Thanks and pls let me know if you have any questions - tstex


----------



## BayouRunner (Feb 5, 2016)

You have to purchase a trim kit with your microwave. That’s just a basic on the counter microwave with a trim kit. Pay attention to the wattage of the microwave your purchasing. That will make all the difference in how fast your food cooks. Higher wattage, faster cooking


Sent from my iPhone using Tapatalk


----------



## tstex (Nov 14, 2014)

BayouRunner said:


> You have to purchase a trim kit with your microwave. That’s just a basic on the counter microwave with a trim kit. Pay attention to the wattage of the microwave your purchasing. That will make all the difference in how fast your food cooks. Higher wattage, faster cooking
> 
> Sent from my iPhone using Tapatalk


It's 1100 watts, which seems like a lot to me...anything to compare this wattage? Also, would everything w higher wattage still be 120 VAC.

Finally, does the wattage determine "how and what it heats" vs how fast it heats? 

Add'l electrical below:

Power / Ratings
Electrical Input - 120V Amperage: 13.6
Electrical Input - 120V Watts: 1550
Frequency (MHz): 2450

Thanks again


----------



## Nealtw (Jun 22, 2017)

tstex said:


> I guess it's 1560 watts, which seems like a lot to me...anything to compare this wattage? Also, would everything w higher wattage still be 120 VAC.
> 
> 
> Finally, does the wattage determine "how and what it heats" vs how fast it heats?
> ...


 I found it on line, it says 1100 watts which is about average. I have some dishes that get really hot in mine while other dishes don't.


----------



## Oso954 (Jun 23, 2012)

The 1.55 kW is the wattage draw. It includes all power used. 
The actual microwave power is rated at 1100W. That is the number that will impact cooking time.


----------



## tstex (Nov 14, 2014)

Neal/Oso - thanks _ I actually edited my notes and saw it was 1100watts...thanks too for clarification


----------



## BayouRunner (Feb 5, 2016)

1100 watts is on the higher side. Should be a good microwave. Maybe it has a bad stirrer or possibly a bad fan motor. 1200 watts is the highest that I’ve seen.average is about a 1000.


----------



## SPS-1 (Oct 21, 2008)

tstex said:


> Finally, does the wattage determine "how and what it heats" vs how fast it heats?

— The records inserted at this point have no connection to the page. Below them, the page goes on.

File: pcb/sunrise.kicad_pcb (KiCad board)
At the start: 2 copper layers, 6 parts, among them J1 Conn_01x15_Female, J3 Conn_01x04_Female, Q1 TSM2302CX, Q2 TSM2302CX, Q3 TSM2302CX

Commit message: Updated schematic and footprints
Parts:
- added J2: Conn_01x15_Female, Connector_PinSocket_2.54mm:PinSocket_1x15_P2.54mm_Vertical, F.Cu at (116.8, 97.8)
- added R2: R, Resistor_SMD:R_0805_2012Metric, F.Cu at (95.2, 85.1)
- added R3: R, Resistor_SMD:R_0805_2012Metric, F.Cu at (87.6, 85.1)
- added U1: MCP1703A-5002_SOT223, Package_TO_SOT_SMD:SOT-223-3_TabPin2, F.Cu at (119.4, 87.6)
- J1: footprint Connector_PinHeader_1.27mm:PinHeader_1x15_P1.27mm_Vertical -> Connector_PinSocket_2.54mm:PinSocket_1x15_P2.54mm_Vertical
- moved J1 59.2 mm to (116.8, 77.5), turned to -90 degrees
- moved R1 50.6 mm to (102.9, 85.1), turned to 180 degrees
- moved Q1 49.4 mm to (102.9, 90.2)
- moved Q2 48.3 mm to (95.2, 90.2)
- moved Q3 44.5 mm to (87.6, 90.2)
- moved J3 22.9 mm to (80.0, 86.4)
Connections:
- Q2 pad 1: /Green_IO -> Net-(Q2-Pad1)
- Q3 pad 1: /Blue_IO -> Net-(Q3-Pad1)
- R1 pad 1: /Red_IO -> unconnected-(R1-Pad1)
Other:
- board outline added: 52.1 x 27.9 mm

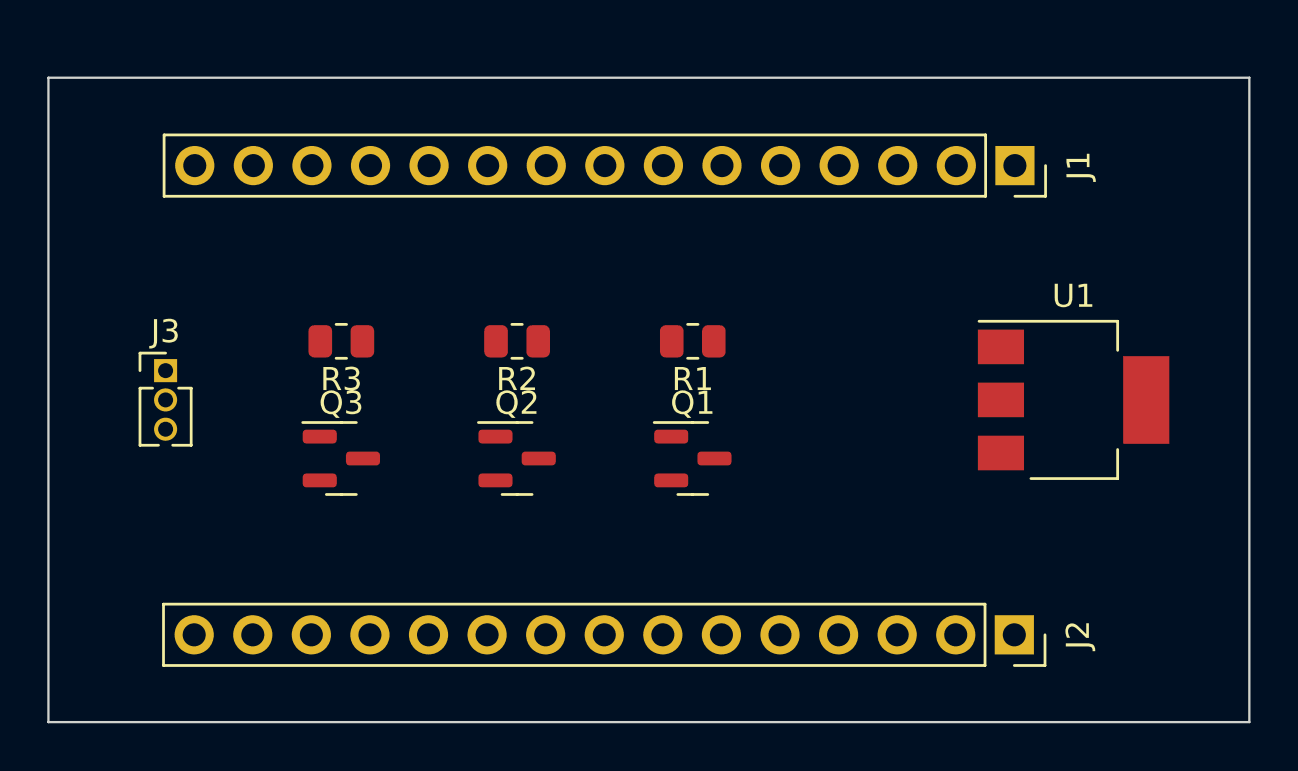
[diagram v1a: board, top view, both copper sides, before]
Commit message: Corrected schematic and finished layout
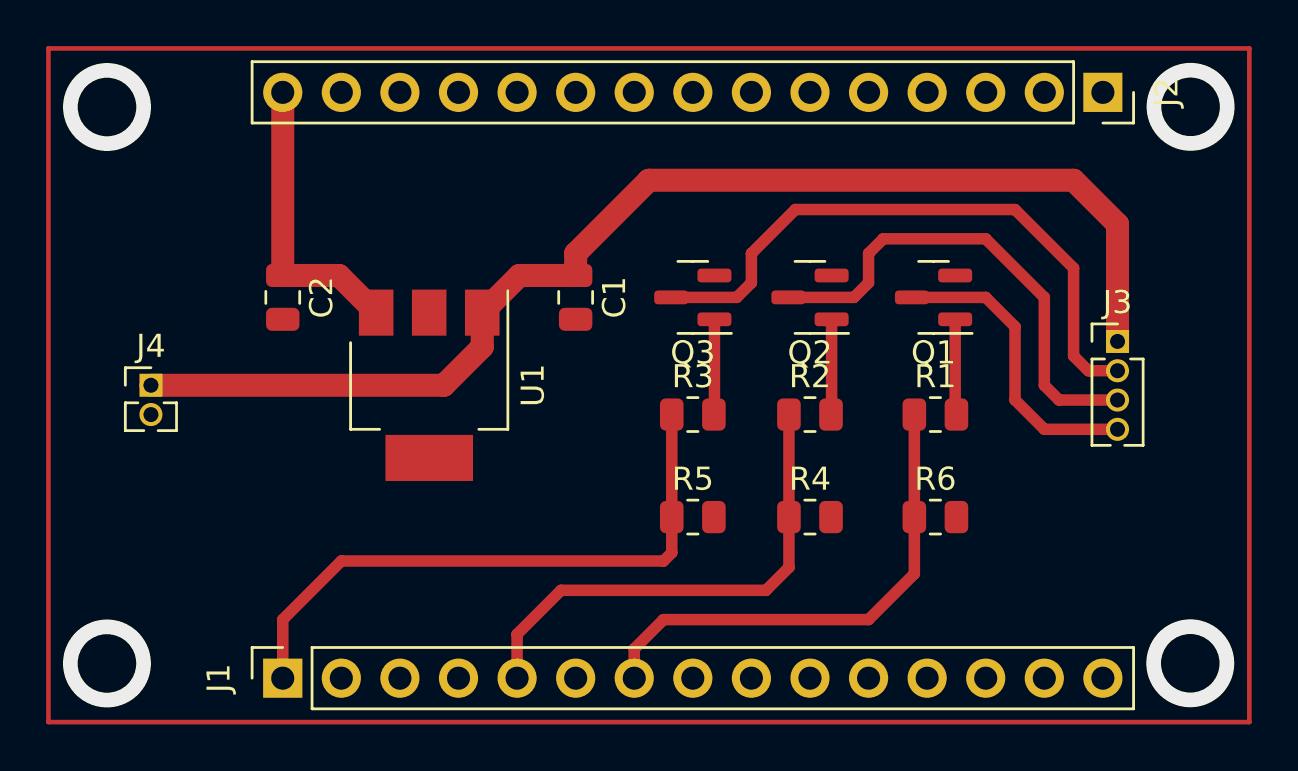
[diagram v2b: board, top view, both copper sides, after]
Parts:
- added C1: 10uF, Capacitor_SMD:C_0805_2012Metric, F.Cu at (97.8, 83.2)
- added C2: 10uF, Capacitor_SMD:C_0805_2012Metric, F.Cu at (85.1, 83.2)
- added J4: Conn_01x02_Female, Connector_PinHeader_1.27mm:PinHeader_1x02_P1.27mm_Vertical, F.Cu at (79.4, 87.0)
- added R4: 5k6, Resistor_SMD:R_0805_2012Metric, F.Cu at (108.0, 92.7)
- added R5: 5k6, Resistor_SMD:R_0805_2012Metric, F.Cu at (102.9, 92.7)
- added R6: 5k6, Resistor_SMD:R_0805_2012Metric, F.Cu at (113.4, 92.7)
- J3: footprint Connector_PinHeader_1.27mm:PinHeader_1x03_P1.27mm_Vertical -> Connector_PinHeader_1.27mm:PinHeader_1x04_P1.27mm_Vertical
- R1, R2, R3: value R -> 560
- moved J3 41.3 mm to (121.3, 85.1)
- moved J1 38.8 mm to (85.1, 99.7), turned to 90 degrees
- moved U1 27.9 mm to (91.4, 87.0), turned to -90 degrees
- moved J2 23.8 mm to (120.7, 74.3)
- moved Q3 16.8 mm to (102.9, 83.2), turned to 180 degrees
- moved R3 15.6 mm to (102.9, 88.3), turned to 0 degrees
- moved Q2 14.5 mm to (108.0, 83.2), turned to 180 degrees
- moved R2 13.1 mm to (108.0, 88.3), turned to 0 degrees
- moved Q1 12.6 mm to (113.3, 83.2), turned to 180 degrees
- moved R1 11.0 mm to (113.4, 88.3), turned to 0 degrees
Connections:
- J1 pad 1: /Red_IO -> /BLUE_IO
- J1 pad 5: unconnected-(J1-Pad5) -> /GREEN_IO
- J1 pad 7: unconnected-(J1-Pad7) -> /RED_IO
- J2 pad 14: unconnected-(J2-Pad14) -> GND
- J2 pad 15: unconnected-(J2-Pad15) -> +5V
- Q1 pad 3: Net-(Q1-Pad3) -> Net-(J3-Pad4)
- R1 pad 1: unconnected-(R1-Pad1) -> /RED_IO
- R2 pad 1: unconnected-(R2-Pad1) -> /GREEN_IO
- R3 pad 1: unconnected-(R3-Pad1) -> /BLUE_IO
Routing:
- net +12V: track 0.00 -> 52.9 mm
- net Net-(J3-Pad2): track 0.00 -> 26.8 mm
- net /BLUE_IO: track 0.00 -> 26.6 mm
- net /RED_IO: track 0.00 -> 21.7 mm
- net /GREEN_IO: track 0.00 -> 21.5 mm
- net Net-(J3-Pad3): track 0.00 -> 21.2 mm
- net Net-(J3-Pad4): track 0.00 -> 13.1 mm
- net +5V: track 0.00 -> 12.7 mm
- net Net-(Q1-Pad1): track 0.00 -> 4.15 mm
- net Net-(Q3-Pad1): track 0.00 -> 4.14 mm
- net Net-(Q2-Pad1): track 0.00 -> 4.14 mm
- net (no net): vias 0 -> 4
- added copper zone on F.Cu, net GND
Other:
- board outline removed

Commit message: Final
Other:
- board outline added: 52.1 x 29.2 mm
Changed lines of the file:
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@@
     (property "Sheetname" "")
     (attr smd)
-    (fp_text reference "R6" (at 0 -1.65) (layer "F.SilkS")
+    (fp_text reference "R6" (at -2.6435 0) (layer "F.SilkS")
       (effects (font (size 1 1) (thickness 0.15)))
     )
@@
     (property "Sheetname" "")
     (attr smd)
-    (fp_text reference "R3" (at 0 -1.65) (layer "F.SilkS")
+    (fp_text reference "R3" (at -3.175 0) (layer "F.SilkS")
       (effects (font (size 1 1) (thickness 0.15)))
     )
@@
     (property "Sheetname" "")
     (attr smd)
-    (fp_text reference "R2" (at 0 -1.65) (layer "F.SilkS")
+    (fp_text reference "R2" (at -2.54 0) (layer "F.SilkS")
       (effects (font (size 1 1) (thickness 0.15)))
     )
@@
     (property "Sheetname" "")
     (attr smd)
-    (fp_text reference "R5" (at 0 -1.65) (layer "F.SilkS")
+    (fp_text reference "R5" (at -3.175 0) (layer "F.SilkS")
       (effects (font (size 1 1) (thickness 0.15)))
     )
@@
     (property "Sheetname" "")
     (attr smd)
-    (fp_text reference "R4" (at 0 -1.65) (layer "F.SilkS")
+    (fp_text reference "R4" (at -2.54 0) (layer "F.SilkS")
       (effects (font (size 1 1) (thickness 0.15)))
     )
@@
     (property "Sheetname" "")
     (attr smd)
-    (fp_text reference "R1" (at 0 -1.65) (layer "F.SilkS")
+    (fp_text reference "R1" (at -2.6435 0) (layer "F.SilkS")
       (effects (font (size 1 1) (thickness 0.15)))
     )
@@
     )
   )
-  (gr_rect (start 74.93 101.6) (end 127 72.39) (layer "F.Cu") (width 0.2) (fill none))
+  (gr_rect (start 74.93 101.6) (end 127 72.39) (layer "Edge.Cuts") (width 0.2) (fill none))
   (via (at 124.452319 74.922319) (size 3.81) (drill 2.54) (layers "F.Cu" "B.Cu") (free) (net 0))
   (via (at 124.438991 99.049495) (size 3.81) (drill 2.54) (layers "F.Cu" "B.Cu") (free) (net 0))

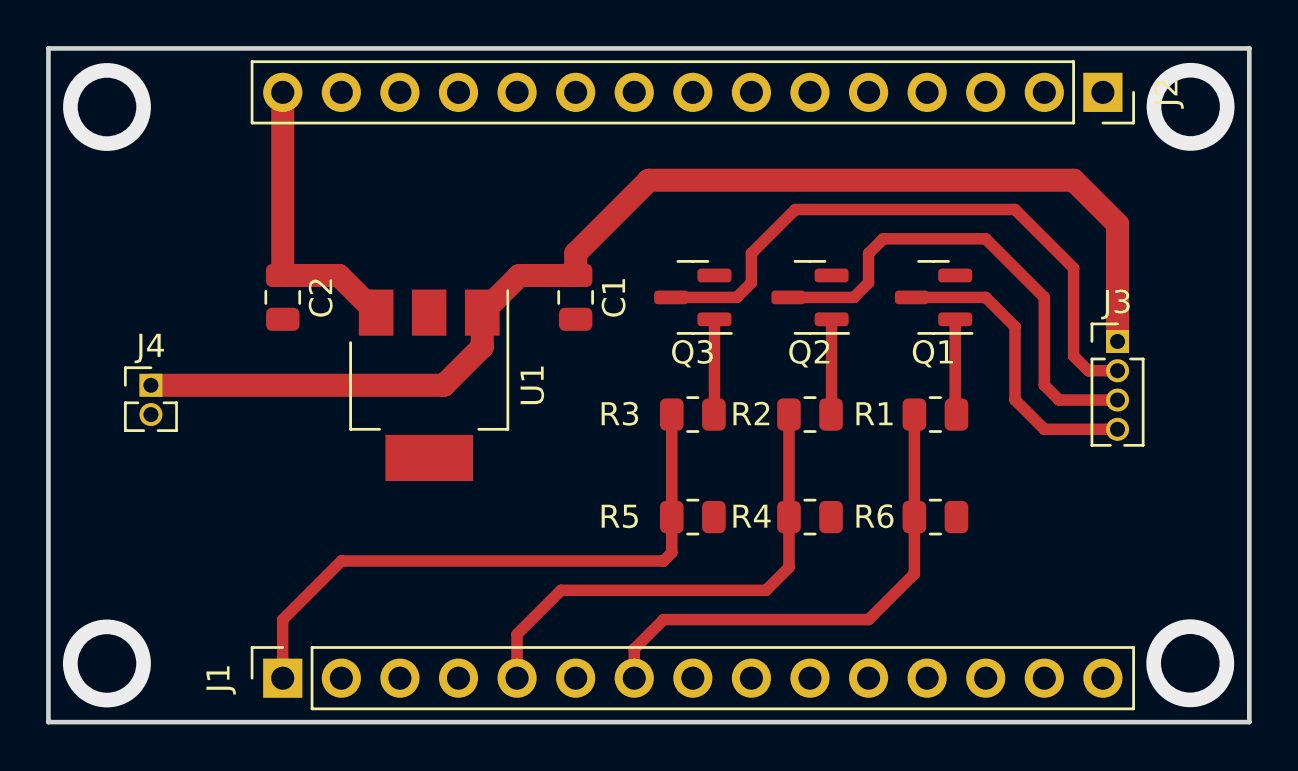
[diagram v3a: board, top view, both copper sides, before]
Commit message: Added IR receiver
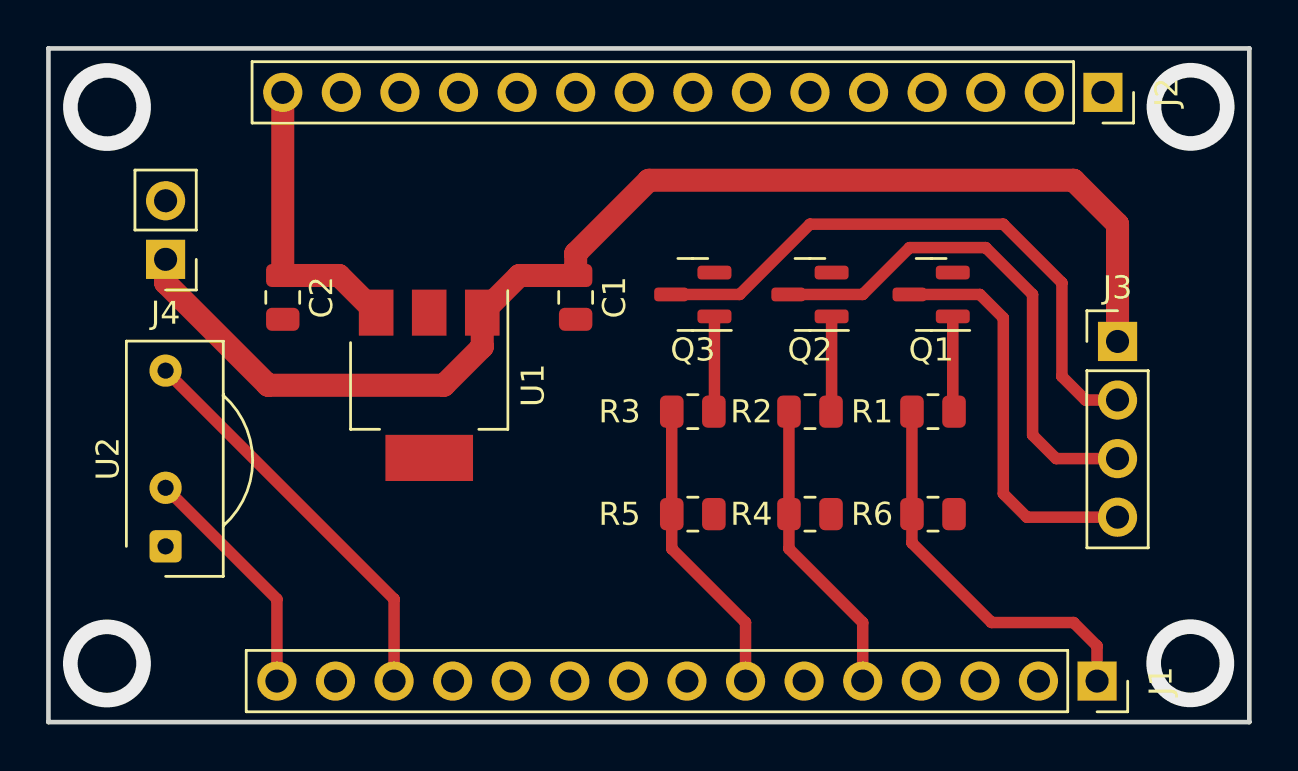
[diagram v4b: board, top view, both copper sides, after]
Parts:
- added U2: TSOP312xx, OptoDevice:Vishay_CAST-3Pin, F.Cu at (80.0, 94.0)
- J3: footprint Connector_PinHeader_1.27mm:PinHeader_1x04_P1.27mm_Vertical -> Connector_PinHeader_2.54mm:PinHeader_1x04_P2.54mm_Vertical
- J4: footprint Connector_PinHeader_1.27mm:PinHeader_1x02_P1.27mm_Vertical -> Connector_PinHeader_2.54mm:PinHeader_1x02_P2.54mm_Vertical
- moved J1 35.3 mm to (120.4, 99.8), turned to -90 degrees
- moved J4 5.50 mm to (80.0, 81.5), turned to 180 degrees
- moved Q1 0.16 mm to (113.2, 83.1)
- moved R1 0.16 mm to (113.3, 88.1)
- moved R6 0.16 mm to (113.3, 92.6)
- moved Q2 0.13 mm to (108.0, 83.1)
- moved Q3 0.13 mm to (102.9, 83.1)
- moved R2 0.13 mm to (108.0, 88.1)
- moved R3 0.13 mm to (102.9, 88.1)
- moved R4 0.13 mm to (108.0, 92.6)
- moved R5 0.13 mm to (102.9, 92.6)
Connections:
- J1 pad 1: /BLUE_IO -> /RED_IO
- J1 pad 13: unconnected-(J1-Pad13) -> /IR_D
- J1 pad 14: unconnected-(J1-Pad14) -> GND
- J1 pad 15: unconnected-(J1-Pad15) -> /+3.3V
- J1 pad 7: /RED_IO -> /BLUE_IO
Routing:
- net /IR_D: track 0.00 -> 17.6 mm
- net /BLUE_IO: track 26.6 -> 13.0 mm
- net /+3.3V: track 0.00 -> 10.4 mm
- net /GREEN_IO: track 21.5 -> 13.0 mm
- net /RED_IO: track 21.7 -> 17.1 mm
- net Net-(J3-Pad4): track 13.1 -> 17.5 mm
- net +12V: track 52.9 -> 55.1 mm
- net Net-(J3-Pad3): track 21.2 -> 22.5 mm
- net Net-(J3-Pad2): track 26.8 -> 26.2 mm
- removed copper zone on F.Cu, net GND

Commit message: Updated pcb
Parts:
- moved U2 1.02 mm to (80.0, 95.0)
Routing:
- added copper zone on F.Cu, net GND
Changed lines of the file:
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@@
   )
   (footprint "OptoDevice:Vishay_CAST-3Pin" (layer "F.Cu")
-    (at 80.01 93.98 90)
+    (at 80.01 94.996 90)
     (descr "IR Receiver Vishay TSOP-xxxx, CAST package, see https://www.vishay.com/docs/82493/tsop311.pdf")
     (tags "IRReceiverVishayTSOP-xxxx CAST")
@@
   (segment (start 92.075 86.995) (end 93.74 85.33) (width 1) (layer "F.Cu") (net 7))
   (segment (start 119.38 78.105) (end 121.285 80.01) (width 1) (layer "F.Cu") (net 7))
-  (segment (start 80.01 86.36) (end 89.916 96.266) (width 0.5) (layer "F.Cu") (net 18))
-  (segment (start 89.916 96.266) (end 89.916 99.822) (width 0.5) (layer "F.Cu") (net 18))
-  (segment (start 80.01 91.44) (end 84.836 96.266) (width 0.5) (layer "F.Cu") (net 19))
-  (segment (start 84.836 96.266) (end 84.836 99.822) (width 0.5) (layer "F.Cu") (net 19))
+  (segment (start 89.916 96.012) (end 89.916 99.822) (width 0.5) (layer "F.Cu") (net 18))
+  (segment (start 80.01 87.376) (end 81.28 87.376) (width 0.5) (layer "F.Cu") (net 18))
+  (segment (start 81.28 87.376) (end 89.916 96.012) (width 0.5) (layer "F.Cu") (net 18))
+  (segment (start 80.01 92.456) (end 82.296 92.456) (width 0.5) (layer "F.Cu") (net 19))
+  (segment (start 82.296 92.456) (end 84.836 94.996) (width 0.5) (layer "F.Cu") (net 19))
+  (segment (start 84.836 94.996) (end 84.836 99.822) (width 0.5) (layer "F.Cu") (net 19))
   (segment (start 103.8075 88.113) (end 103.7825 88.138) (width 0.5) (layer "F.Cu") (net 20))
   (segment (start 103.8075 84.008) (end 103.8075 88.113) (width 0.5) (layer "F.Cu") (net 20))
@@
   (segment (start 85.09 82.235) (end 85.09 74.295) (width 1) (layer "F.Cu") (net 24))
   (segment (start 87.53 82.235) (end 89.14 83.845) (width 1) (layer "F.Cu") (net 24))
+  (zone (net 1) (net_name "GND") (layer "F.Cu") (hatch edge 0.508)
+    (connect_pads (clearance 0.12))
+    (min_thickness 0.254) (filled_areas_thickness no)
+    (fill yes (thermal_gap 0.508) (thermal_bridge_width 0.508))
+    (polygon
+      (pts
+        (xy 127 101.6)
+        (xy 74.93 101.6)
+        (xy 74.93 72.39)
+        (xy 127 72.39)
+      )
+    )
+  )
 )

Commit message: Final layout
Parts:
- added R7: 10k, Resistor_SMD:R_0805_2012Metric, F.Cu at (89.9, 96.8)
- added R8: 10k, Resistor_SMD:R_0805_2012Metric, F.Cu at (120.4, 95.4)
- added SW1: SW_SPDT, MattisLib:SS 13PLP, F.Cu at (123.2, 86.9)
- moved J3 3.77 mm to (118.1, 83.1)
- moved R1 1.63 mm to (111.7, 88.1)
- moved R6 1.63 mm to (111.7, 92.6)
- moved Q1 1.63 mm to (111.6, 83.1)
- moved Q2 1.63 mm to (106.3, 83.1)
- moved Q3 1.63 mm to (101.2, 83.1)
- moved R2 1.63 mm to (106.3, 88.1)
- moved R3 1.63 mm to (101.2, 88.1)
- moved R4 1.63 mm to (106.3, 92.6)
- moved R5 1.63 mm to (101.2, 92.6)
- moved C1 0.76 mm to (97.0, 83.2)
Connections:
- J1 pad 1: /RED_IO -> /ALARM_EN
- J1 pad 2: unconnected-(J1-Pad2) -> /RED_IO
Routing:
- net Net-(R7-Pad2): track 0.00 -> 51.2 mm
- net /ALARM_EN: track 0.00 -> 15.4 mm
- net +12V: track 55.1 -> 48.8 mm
- net Net-(R8-Pad2): track 0.00 -> 5.30 mm
- net /+3.3V: track 10.7 -> 15.6 mm
- net Net-(J3-Pad4): track 17.5 -> 13.8 mm
- net Net-(J3-Pad3): track 22.5 -> 19.5 mm
- net Net-(J3-Pad2): track 26.2 -> 23.3 mm
- net /BLUE_IO: track 13.0 -> 14.7 mm
- net /GREEN_IO: track 13.0 -> 14.6 mm
- net /IR_D: track 17.3 -> 18.3 mm
- net /RED_IO: track 17.1 -> 16.5 mm

Wattage determines how fast it heats. The microwave emits radio waves that are tunes to the natural frequency of water. I have never heard of a microwave heating up the plate but not the food, so I can't comment on how or why.


----------



## DanS26 (Oct 25, 2012)

Some ceramics are not microwavable......they will heat up even to the point of developing small cracks in the dish and eventually just break apart. Some ceramics are hand painted with metallic paint...another no no. Most ceramics are OK but sometimes you just can't tell.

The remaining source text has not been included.